F Olympia 2018

Die CONI-Homepage zeigt viele Südtiroler Gesichter. (Screenshot CONI)

CONI listet 51 Südtiroler Olympiastarter auf

Im Hinblick auf die bevorstehenden Olympischen Winterspiele in Pyeongchang läuft der Endspurt um die begehrten Startplätze. Der CONI, das Olympische Komitee Italiens, listet auf seiner Homepage 121 Namen von Olympiastartern auf, davon kommt fast die Hälfte aus Südtirol.

Der CONI spricht in seiner Gliederung von 51 Südtirolern. Diese Zahl stimmt so allerdings nicht, denn sie umfasst auch die zwei Skirennläufer Stefano Gross und Emanuele Buzzi, die zwar in Südtirol geboren wurden (in Bozen bzw. Innichen), aber in Pozza di Fassa bzw. Sappada/Bladen leben.

Auch die auf 49 reduzierte Zahl wäre sehr hoch und würde bedeuten, dass sogar drei Südtiroler Wintersportler mehr zu Olympia fahren als noch vor 4 Jahren, als 46 Südtiroler in Sotschi dabei waren.


Nur 18 Lombarden und 14 Trentiner

Beeindruckend ist die Tatsache, dass das kleine Südtirol laut CONI das bei weitem größte Kontingent im Olympiateam der „Azzurri“ stellen wird. Die zweitgrößte Gruppe hinter den 51 bzw. 49 Südtirolern stellt die Lombardei mit 18 und das Trentino mit 14 Olympiastartern.

Die Liste des CONI ist sicher nicht weit entfernt von der Realität, allerdings kommen doch ein paar Zweifel auf, z.B. teilweise auch beim Vergleich mit den „SportNews“-Prognosen vom 9. Jänner.

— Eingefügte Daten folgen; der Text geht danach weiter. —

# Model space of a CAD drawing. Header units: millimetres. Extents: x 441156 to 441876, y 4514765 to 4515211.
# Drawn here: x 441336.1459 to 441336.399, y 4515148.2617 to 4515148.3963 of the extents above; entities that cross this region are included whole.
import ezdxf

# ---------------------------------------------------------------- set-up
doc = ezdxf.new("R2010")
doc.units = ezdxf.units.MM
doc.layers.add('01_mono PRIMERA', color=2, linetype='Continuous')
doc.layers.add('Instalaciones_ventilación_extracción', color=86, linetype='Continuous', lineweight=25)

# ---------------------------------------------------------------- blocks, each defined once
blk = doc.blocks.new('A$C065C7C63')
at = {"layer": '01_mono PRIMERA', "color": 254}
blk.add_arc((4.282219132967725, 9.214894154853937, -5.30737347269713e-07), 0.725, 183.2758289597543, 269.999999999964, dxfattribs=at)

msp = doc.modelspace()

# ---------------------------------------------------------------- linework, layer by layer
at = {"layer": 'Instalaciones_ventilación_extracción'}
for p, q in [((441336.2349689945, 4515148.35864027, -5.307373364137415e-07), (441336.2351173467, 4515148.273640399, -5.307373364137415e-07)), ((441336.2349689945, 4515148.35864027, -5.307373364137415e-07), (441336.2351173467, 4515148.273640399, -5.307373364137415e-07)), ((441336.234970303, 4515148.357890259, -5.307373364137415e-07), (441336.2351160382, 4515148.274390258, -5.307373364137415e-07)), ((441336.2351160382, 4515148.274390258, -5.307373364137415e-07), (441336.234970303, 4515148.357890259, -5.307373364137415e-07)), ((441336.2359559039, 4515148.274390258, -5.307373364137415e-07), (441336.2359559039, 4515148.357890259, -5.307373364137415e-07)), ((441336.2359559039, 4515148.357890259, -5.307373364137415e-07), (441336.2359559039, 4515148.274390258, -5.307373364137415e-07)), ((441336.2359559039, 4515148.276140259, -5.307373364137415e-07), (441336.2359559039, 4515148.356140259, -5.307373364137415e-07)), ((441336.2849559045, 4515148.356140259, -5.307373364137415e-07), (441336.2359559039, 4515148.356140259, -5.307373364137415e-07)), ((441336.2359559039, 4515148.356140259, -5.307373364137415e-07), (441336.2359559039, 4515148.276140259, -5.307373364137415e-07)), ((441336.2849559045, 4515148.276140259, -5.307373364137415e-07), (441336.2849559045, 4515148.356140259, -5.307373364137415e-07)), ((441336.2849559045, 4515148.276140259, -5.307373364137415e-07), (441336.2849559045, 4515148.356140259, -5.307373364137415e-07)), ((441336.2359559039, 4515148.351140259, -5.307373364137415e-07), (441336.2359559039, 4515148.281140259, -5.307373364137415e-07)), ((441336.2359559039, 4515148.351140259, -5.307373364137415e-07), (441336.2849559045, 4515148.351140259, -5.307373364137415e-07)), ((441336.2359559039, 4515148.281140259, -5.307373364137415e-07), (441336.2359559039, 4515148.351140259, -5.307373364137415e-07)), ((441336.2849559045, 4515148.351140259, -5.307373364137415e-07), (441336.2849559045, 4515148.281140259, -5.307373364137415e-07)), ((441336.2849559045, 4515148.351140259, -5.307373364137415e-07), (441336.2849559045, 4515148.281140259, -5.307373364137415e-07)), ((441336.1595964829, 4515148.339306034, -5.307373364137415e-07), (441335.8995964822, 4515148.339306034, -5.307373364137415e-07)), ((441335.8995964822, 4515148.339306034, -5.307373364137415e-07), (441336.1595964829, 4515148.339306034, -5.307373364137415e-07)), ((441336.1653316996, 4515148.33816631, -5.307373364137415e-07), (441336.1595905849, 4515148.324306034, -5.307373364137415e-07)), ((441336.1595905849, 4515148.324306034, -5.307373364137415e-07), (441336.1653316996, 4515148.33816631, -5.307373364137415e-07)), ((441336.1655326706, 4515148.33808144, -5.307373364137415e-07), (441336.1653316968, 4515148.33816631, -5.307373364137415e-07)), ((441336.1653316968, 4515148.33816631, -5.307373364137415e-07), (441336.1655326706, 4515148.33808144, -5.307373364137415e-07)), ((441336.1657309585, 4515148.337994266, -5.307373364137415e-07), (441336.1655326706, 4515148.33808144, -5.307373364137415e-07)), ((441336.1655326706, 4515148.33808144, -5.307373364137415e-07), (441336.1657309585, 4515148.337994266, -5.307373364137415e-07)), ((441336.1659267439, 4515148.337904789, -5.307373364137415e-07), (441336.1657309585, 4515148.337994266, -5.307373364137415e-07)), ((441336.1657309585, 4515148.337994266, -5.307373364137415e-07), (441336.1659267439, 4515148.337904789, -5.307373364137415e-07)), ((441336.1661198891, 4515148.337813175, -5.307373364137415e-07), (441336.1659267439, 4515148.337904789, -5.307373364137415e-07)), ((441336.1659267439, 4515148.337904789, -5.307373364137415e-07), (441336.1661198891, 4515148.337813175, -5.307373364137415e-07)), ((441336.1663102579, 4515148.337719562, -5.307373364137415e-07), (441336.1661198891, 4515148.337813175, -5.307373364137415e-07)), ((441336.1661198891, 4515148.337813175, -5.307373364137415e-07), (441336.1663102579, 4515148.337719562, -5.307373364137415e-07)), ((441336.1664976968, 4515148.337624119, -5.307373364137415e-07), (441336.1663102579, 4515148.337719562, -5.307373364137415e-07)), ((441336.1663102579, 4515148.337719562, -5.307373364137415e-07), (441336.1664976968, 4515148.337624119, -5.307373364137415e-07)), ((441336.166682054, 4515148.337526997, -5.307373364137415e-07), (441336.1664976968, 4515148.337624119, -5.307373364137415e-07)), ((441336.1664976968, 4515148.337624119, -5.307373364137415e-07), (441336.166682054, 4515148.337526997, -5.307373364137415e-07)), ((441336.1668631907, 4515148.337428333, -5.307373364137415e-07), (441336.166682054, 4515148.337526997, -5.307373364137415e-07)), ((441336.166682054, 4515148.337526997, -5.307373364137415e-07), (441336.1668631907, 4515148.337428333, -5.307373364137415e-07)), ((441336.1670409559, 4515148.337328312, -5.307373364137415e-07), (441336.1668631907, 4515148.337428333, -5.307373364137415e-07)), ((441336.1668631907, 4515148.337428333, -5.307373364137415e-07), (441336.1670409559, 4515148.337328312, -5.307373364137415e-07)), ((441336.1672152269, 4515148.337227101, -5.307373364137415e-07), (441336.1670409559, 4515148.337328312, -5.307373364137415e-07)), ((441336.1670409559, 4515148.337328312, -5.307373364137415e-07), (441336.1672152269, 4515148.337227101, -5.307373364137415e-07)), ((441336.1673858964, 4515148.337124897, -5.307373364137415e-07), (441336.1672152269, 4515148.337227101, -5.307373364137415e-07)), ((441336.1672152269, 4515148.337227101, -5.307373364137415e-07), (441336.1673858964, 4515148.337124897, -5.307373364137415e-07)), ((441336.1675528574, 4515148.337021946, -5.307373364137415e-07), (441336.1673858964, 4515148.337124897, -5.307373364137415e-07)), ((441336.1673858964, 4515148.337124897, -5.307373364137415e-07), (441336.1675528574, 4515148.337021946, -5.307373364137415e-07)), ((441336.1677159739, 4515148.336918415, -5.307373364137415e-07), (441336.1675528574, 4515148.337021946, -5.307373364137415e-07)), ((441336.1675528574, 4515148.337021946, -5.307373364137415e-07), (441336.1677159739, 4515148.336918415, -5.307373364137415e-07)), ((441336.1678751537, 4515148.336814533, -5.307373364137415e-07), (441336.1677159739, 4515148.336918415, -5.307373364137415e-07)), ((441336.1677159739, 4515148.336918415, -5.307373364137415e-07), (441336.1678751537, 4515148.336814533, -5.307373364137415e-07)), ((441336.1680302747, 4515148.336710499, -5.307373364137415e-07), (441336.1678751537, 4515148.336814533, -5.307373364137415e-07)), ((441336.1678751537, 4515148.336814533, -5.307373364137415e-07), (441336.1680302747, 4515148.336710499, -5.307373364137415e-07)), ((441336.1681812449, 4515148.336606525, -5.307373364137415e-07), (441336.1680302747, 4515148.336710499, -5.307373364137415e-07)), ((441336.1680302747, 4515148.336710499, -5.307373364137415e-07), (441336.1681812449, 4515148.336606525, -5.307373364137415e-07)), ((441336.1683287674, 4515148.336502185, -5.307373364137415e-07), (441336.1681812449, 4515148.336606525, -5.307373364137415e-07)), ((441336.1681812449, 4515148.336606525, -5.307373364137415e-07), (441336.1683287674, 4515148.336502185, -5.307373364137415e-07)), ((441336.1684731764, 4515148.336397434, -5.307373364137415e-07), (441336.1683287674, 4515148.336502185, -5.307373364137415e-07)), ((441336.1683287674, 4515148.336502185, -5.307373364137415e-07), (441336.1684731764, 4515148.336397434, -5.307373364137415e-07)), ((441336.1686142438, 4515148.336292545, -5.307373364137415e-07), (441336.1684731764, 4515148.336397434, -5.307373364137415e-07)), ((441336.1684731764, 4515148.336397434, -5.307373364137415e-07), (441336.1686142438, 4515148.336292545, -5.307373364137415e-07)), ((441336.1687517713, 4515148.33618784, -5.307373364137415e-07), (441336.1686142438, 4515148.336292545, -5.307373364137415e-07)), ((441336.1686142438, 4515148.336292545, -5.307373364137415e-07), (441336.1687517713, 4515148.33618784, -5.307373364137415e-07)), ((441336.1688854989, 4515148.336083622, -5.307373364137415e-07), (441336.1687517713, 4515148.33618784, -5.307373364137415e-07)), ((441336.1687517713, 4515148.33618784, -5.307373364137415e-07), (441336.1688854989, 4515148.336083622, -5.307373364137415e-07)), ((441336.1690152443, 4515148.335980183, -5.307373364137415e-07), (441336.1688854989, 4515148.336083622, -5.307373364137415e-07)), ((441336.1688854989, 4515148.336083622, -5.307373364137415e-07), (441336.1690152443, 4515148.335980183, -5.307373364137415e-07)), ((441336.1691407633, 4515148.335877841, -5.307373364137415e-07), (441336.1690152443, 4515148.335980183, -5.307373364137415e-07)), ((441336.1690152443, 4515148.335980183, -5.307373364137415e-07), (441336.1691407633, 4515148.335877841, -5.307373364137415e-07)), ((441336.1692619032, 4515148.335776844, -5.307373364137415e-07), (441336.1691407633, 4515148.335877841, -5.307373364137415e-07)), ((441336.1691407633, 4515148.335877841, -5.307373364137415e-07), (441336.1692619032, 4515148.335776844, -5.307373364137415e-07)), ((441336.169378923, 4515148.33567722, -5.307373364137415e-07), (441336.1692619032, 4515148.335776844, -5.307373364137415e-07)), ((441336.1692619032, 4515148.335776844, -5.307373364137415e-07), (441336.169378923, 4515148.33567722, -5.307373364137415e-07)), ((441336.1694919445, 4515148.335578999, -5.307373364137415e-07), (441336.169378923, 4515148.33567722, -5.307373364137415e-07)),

Alle vier Snowboard-Startplätze an Südtiroler?

Bei den Snowboardern etwa ist es zwar wünschenswert, aber ziemlich unwahrscheinlich, dass alle vier verfügbaren Startplätze an Südtiroler gehen. Denn zuletzt in Bad Gastein war Maurizio Bormolini aus Livigno, der auf der CONI-Liste nicht aufscheint, deutlich besser als Christoph Mick, Roland Fischnaller, Aaron March und Edwin Coratti.

Ein bisschen anders ist die Lage bei den Nordischen Kombinierern, wo angesichts der heurigen sehr mageren Ergebnisse abzuwarten ist, ob überhaupt ein Team nach Südkorea mitgenommen wird oder nur einzelne Athleten wie Alessandro Pittin. Aus Südtiroler Sicht eigenartig ist, dass der junge Aaron Kostner nicht auf der CONI-Liste aufscheint, obwohl er sich zumindest für Weltcuprennen wie zuletzt im Fleimstal qualifizieren konnte im Gegensatz zum gelisteten Routinier Lukas Runggaldier, der heuer viel schuldig bleibt.


CONI-Liste nennt nicht weniger als 11Alpine aus Südtirol

Bei den Alpinen, die vom CONI großzügig mit 11 Startplätzen bedacht werden, überrascht ein bisschen, dass Patrick Thaler, Verena Stuffer und Nicol Delago gelistet sind, während Anna Hofer nicht berücksichtigt wurde. Möglicherweise werden wohl alle vier nicht nach Pyeongchang fahren, es sei denn, sie erreichen in den nächsten Tagen noch Top-Ergebnisse.

Sehr unwahrscheinlich erscheint eine Olympiateilnahme auch für zwei andere vom CONI genannte Sportlerinnen: Die Skispringerin Evelyn Insam hat sich in dieser Saison noch nicht in Szene setzen können, während Biathletin Karin Oberhofer bislang erst gar nicht im Weltcup eingesetzt wurde.

Einer der wenigen Namen von möglichen Olympiastarter, der auf der CONI-Liste fehlt, ist jener des Bobfahrers Patrick Baumgartner, der speziell im Viererbob durchaus noch reelle Chancen auf eine Einberufung hat.